Maybe the compound was changed for 2006/2007 Touaregs that they don't dust like before( my '05 Passat TDI never had a dust problem)...anybody who has a late model V10 can offer an opinion?


----------



## uberanalyst (Sep 13, 2004)

*Re: (DCC)*


_Quote, originally posted by *DCC* »_Maybe the compound was changed for 2006/2007 Touaregs that they don't dust like before( my '05 Passat TDI never had a dust problem)...anybody who has a late model V10 can offer an opinion?
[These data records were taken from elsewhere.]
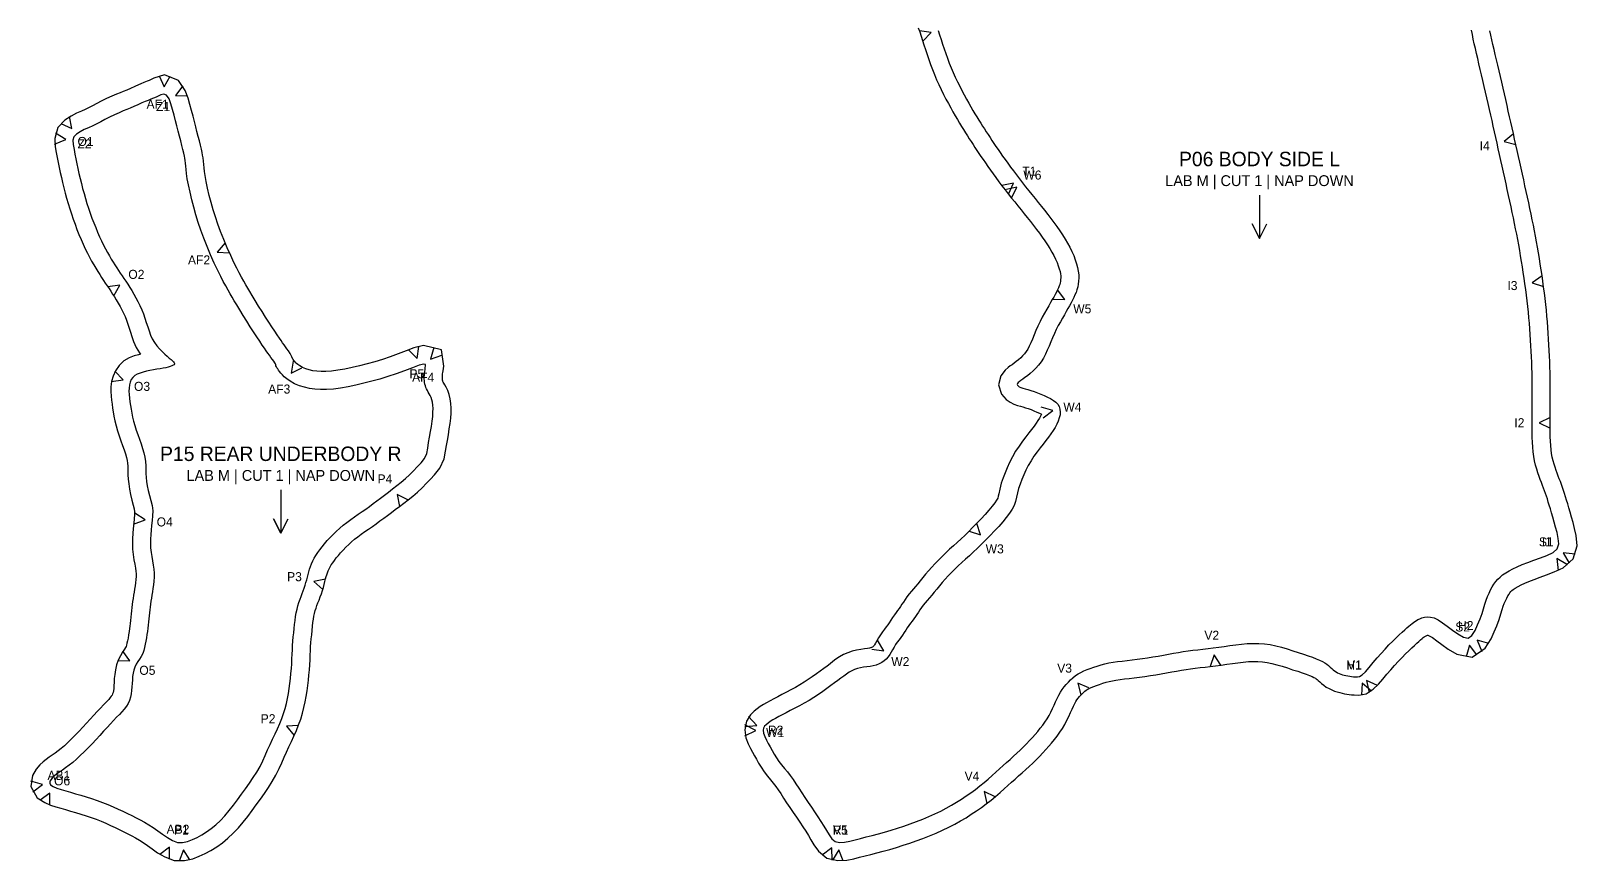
# Model space of a CAD drawing. Header units: millimetres. Extents: x 10 to 1500, y 0 to 642.
# Drawn here: x 759.7 to 1188.1, y -0.1 to 229.9 of the extents above; entities that cross this region are included whole.
import ezdxf
from ezdxf.enums import TextEntityAlignment as Align

# ---------------------------------------------------------------- set-up
doc = ezdxf.new("R2010")
doc.units = ezdxf.units.MM
for name, color, linetype in [('CUT', 1, 'Continuous'), ('LABEL', 7, 'Continuous'), ('NOTCH', 3, 'Continuous'), ('STITCH_REF', 8, 'Continuous')]:
    doc.layers.add(name, color=color, linetype=linetype)

msp = doc.modelspace()

# ---------------------------------------------------------------- linework, layer by layer
at = {"layer": 'CUT'}
msp.add_lwpolyline([(1005.55, 230.77), (1005.95, 229.65), (1006.34, 228.48), (1006.73, 227.28), (1007.14, 226.03), (1007.56, 224.73), (1008, 223.38), (1008.47, 222.01), (1008.97, 220.61), (1009.5, 219.21), (1010.06, 217.8), (1010.65, 216.4), (1011.27, 215.02), (1011.91, 213.66), (1012.57, 212.33), (1013.23, 211.04), (1013.9, 209.8), (1014.55, 208.61), (1015.18, 207.47), (1015.8, 206.39), (1016.4, 205.36), (1016.99, 204.38), (1017.55, 203.45), (1018.1, 202.56), (1018.63, 201.7), (1019.16, 200.87), (1019.69, 200.05), (1020.21, 199.24), (1020.74, 198.43), (1021.27, 197.63), (1021.81, 196.81), (1022.36, 195.98), (1022.93, 195.13), (1023.53, 194.25), (1024.17, 193.32), (1024.84, 192.36), (1025.55, 191.36), (1026.29, 190.33), (1027.08, 189.25), (1027.89, 188.14), (1028.74, 187.01), (1029.61, 185.87), (1030.5, 184.73), (1031.39, 183.61), (1032.27, 182.51), (1033.16, 181.42), (1034.03, 180.34), (1034.9, 179.26), (1035.77, 178.18), (1036.63, 177.1), (1037.48, 176.02), (1038.31, 174.93), (1039.12, 173.85), (1039.9, 172.79), (1040.63, 171.73), (1041.34, 170.67), (1041.99, 169.64), (1042.58, 168.65), (1043.1, 167.67), (1043.58, 166.69), (1044, 165.73), (1044.36, 164.82), (1044.63, 163.98), (1044.83, 163.23), (1044.96, 162.59), (1045.02, 162.04), (1045.03, 161.53), (1045, 161), (1044.94, 160.52), (1044.86, 160.1), (1044.75, 159.69), (1044.59, 159.24), (1044.38, 158.72), (1044.12, 158.15), (1043.82, 157.53), (1043.48, 156.87), (1043.1, 156.18), (1042.69, 155.45), (1042.23, 154.65), (1041.71, 153.76), (1041.14, 152.77), (1040.54, 151.7), (1039.93, 150.56), (1039.32, 149.37), (1038.73, 148.13), (1038.17, 146.88), (1037.65, 145.66), (1037.17, 144.51), (1036.73, 143.47), (1036.3, 142.56), (1035.88, 141.77), (1035.45, 141.08), (1034.98, 140.45), (1034.48, 139.87), (1033.93, 139.32), (1033.34, 138.8), (1032.72, 138.3), (1032.11, 137.84), (1031.56, 137.43), (1031.06, 137.08), (1030.48, 136.66), (1029.59, 135.91), (1028.44, 134.38), (1027.82, 131.83), (1028.59, 129.25), (1029.91, 127.76), (1031.02, 127), (1032.07, 126.49), (1033.05, 126.16), (1033.84, 125.94), (1034.52, 125.74), (1035.25, 125.51), (1036.03, 125.25), (1036.82, 124.97), (1037.62, 124.66), (1038.43, 124.31), (1039.18, 123.97), (1039.7, 123.7), (1039.46, 123.18), (1039.13, 122.58), (1038.72, 121.92), (1038.21, 121.18), (1037.63, 120.37), (1036.96, 119.5), (1036.2, 118.53), (1035.34, 117.43), (1034.41, 116.2), (1033.47, 114.86), (1032.54, 113.43), (1031.66, 111.91), (1030.86, 110.35), (1030.18, 108.83), (1029.61, 107.42), (1029.08, 106.07), (1028.54, 104.56), (1028.13, 102.95), (1027.9, 101.68), (1027.74, 100.96), (1027.56, 100.48), (1027.26, 99.91), (1026.75, 99.15), (1026.03, 98.2), (1025.13, 97.11), (1024.13, 95.96), (1023.03, 94.76), (1021.89, 93.57), (1020.71, 92.38), (1019.56, 91.23), (1018.45, 90.14), (1017.41, 89.15), (1016.37, 88.2), (1015.31, 87.25), (1014.24, 86.29), (1013.18, 85.31), (1012.14, 84.31), (1011.13, 83.29), (1010.18, 82.29), (1009.29, 81.31), (1008.44, 80.35), (1007.61, 79.41), (1006.82, 78.47), (1006.08, 77.57), (1005.41, 76.74), (1004.81, 76.01), (1004.25, 75.34), (1003.67, 74.66), (1003.04, 73.91), (1002.43, 73.1), (1001.89, 72.32), (1001.44, 71.64), (1001.03, 71.03), (1000.64, 70.45), (1000.25, 69.88), (999.84, 69.3), (999.41, 68.72), (998.94, 68.08), (998.42, 67.36), (997.92, 66.61), (997.48, 65.93), (997.09, 65.35), (996.7, 64.8), (996.23, 64.18), (995.66, 63.41), (995.09, 62.55), (994.57, 61.73), (994.11, 60.93), (993.74, 60.26), (993.48, 59.82), (993.3, 59.58), (993.15, 59.41), (993.01, 59.28), (992.84, 59.17), (992.62, 59.05), (992.36, 58.95), (992.01, 58.86), (991.48, 58.77), (990.69, 58.68), (989.67, 58.55), (988.49, 58.34), (987.27, 58.04), (986.06, 57.62), (984.88, 57.09), (983.76, 56.46), (982.77, 55.79), (981.92, 55.16), (981.12, 54.55), (980.29, 53.93), (979.38, 53.27), (978.39, 52.54), (977.33, 51.77), (976.21, 50.96), (975.08, 50.17), (973.95, 49.43), (972.78, 48.72), (971.54, 48.02), (970.28, 47.33), (969.03, 46.67), (967.81, 46.03), (966.64, 45.43), (965.54, 44.86), (964.51, 44.3), (963.55, 43.77), (962.66, 43.25), (961.8, 42.7), (960.94, 42.1), (960.08, 41.4), (959.09, 40.42), (957.94, 38.67), (957.47, 36.21), (957.82, 34.04), (958.42, 32.41), (959.05, 31.12), (959.64, 30.04), (960.19, 29.08), (960.73, 28.11), (961.33, 27.05), (962.03, 25.86), (962.86, 24.61), (963.76, 23.4), (964.64, 22.35), (965.4, 21.44), (966.08, 20.58), (966.74, 19.64), (967.45, 18.57), (968.24, 17.34), (969.09, 16.03), (969.99, 14.69), (970.89, 13.35), (971.8, 12.02), (972.71, 10.69), (973.57, 9.41), (974.38, 8.17), (975.13, 6.97), (975.84, 5.77), (976.64, 4.41), (977.91, 2.6), (980.25, 0.73), (983.25, 0), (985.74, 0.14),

Unfortunately, my 2006 V10 TDI brakes produce just as much (too much) dust as my earlier 2004 V8 Touareg originally did, so I don't think the compound was changed.
Separately, when my 2004 Touareg needed new brakes, I installed the Hawk ceramic pads with new rotors and had excellent results. No difference in performance that I could notice, but brake dust was completely eliminated. Because the improvement was so dramatic, I'm now considering replacing just the pads on my month-old 2006 V10.
- Dave


----------



## [email protected] (Jul 23, 2003)

*Re: (uberanalyst)*

http://****************.com/smile/emthup.gif


----------



## [email protected] (Jul 23, 2003)

*Re: ([email protected])*


----------



## mrod1975 (Nov 5, 2004)

I am looking to replace the brakes and rotors on my 2005 V6 w/17 inch wheels. The 'check brake' light just came on yesterday. It has just under 55K miles.
I plan on ordering the Front Brake Rotor/Hawk Ceramic Pad Kit and Rear Brake Rotor/Hawk Ceramic Pad Kit. I don't do any towing so I thought the LTS were not for me.
My question is this: If I order these kits, do they include everything I need to replace the pads and rotors? Is there anything else I may need to replace the pads and rotors?
Thanks!!
Martin


----------



## [email protected] (Jul 23, 2003)

*Re: (mrod1975)*


_Quote, originally posted by *mrod1975* »_
My question is this: If I order these kits, do they include everything I need to replace the pads and rotors? Is there anything else I may need to replace the pads and rotors?
Thanks!!
Martin

Since your light is on, you will need to replace the brake pad sensors that have made contact with the rotors. You may need to replace all four - a visual inspection will tell which ones need to be replaced.
You will also need tools - basic Torx, hex key and metric wrenches and sockets. For those who live in an areas where they are generous with road salt in the winter, we usually recommend new rotor screws as well.


----------



## mrod1975 (Nov 5, 2004)

Thank you, Scott, for your reply. I am very interested in ordering these parts very soon. 
One more question that was discussed in the FAQs but doesn't seem to have a final answer: When replacing the pads due to the "Check Brake" light coming on, is it necessary to replace the rotors also?
Thanks everyone!!


----------



## [email protected]pap-parts (Jul 23, 2003)

*Re: (mrod1975)*


_Quote, originally posted by *mrod1975* »_When replacing the pads due to the "Check Brake" light coming on, is it necessary to replace the rotors also?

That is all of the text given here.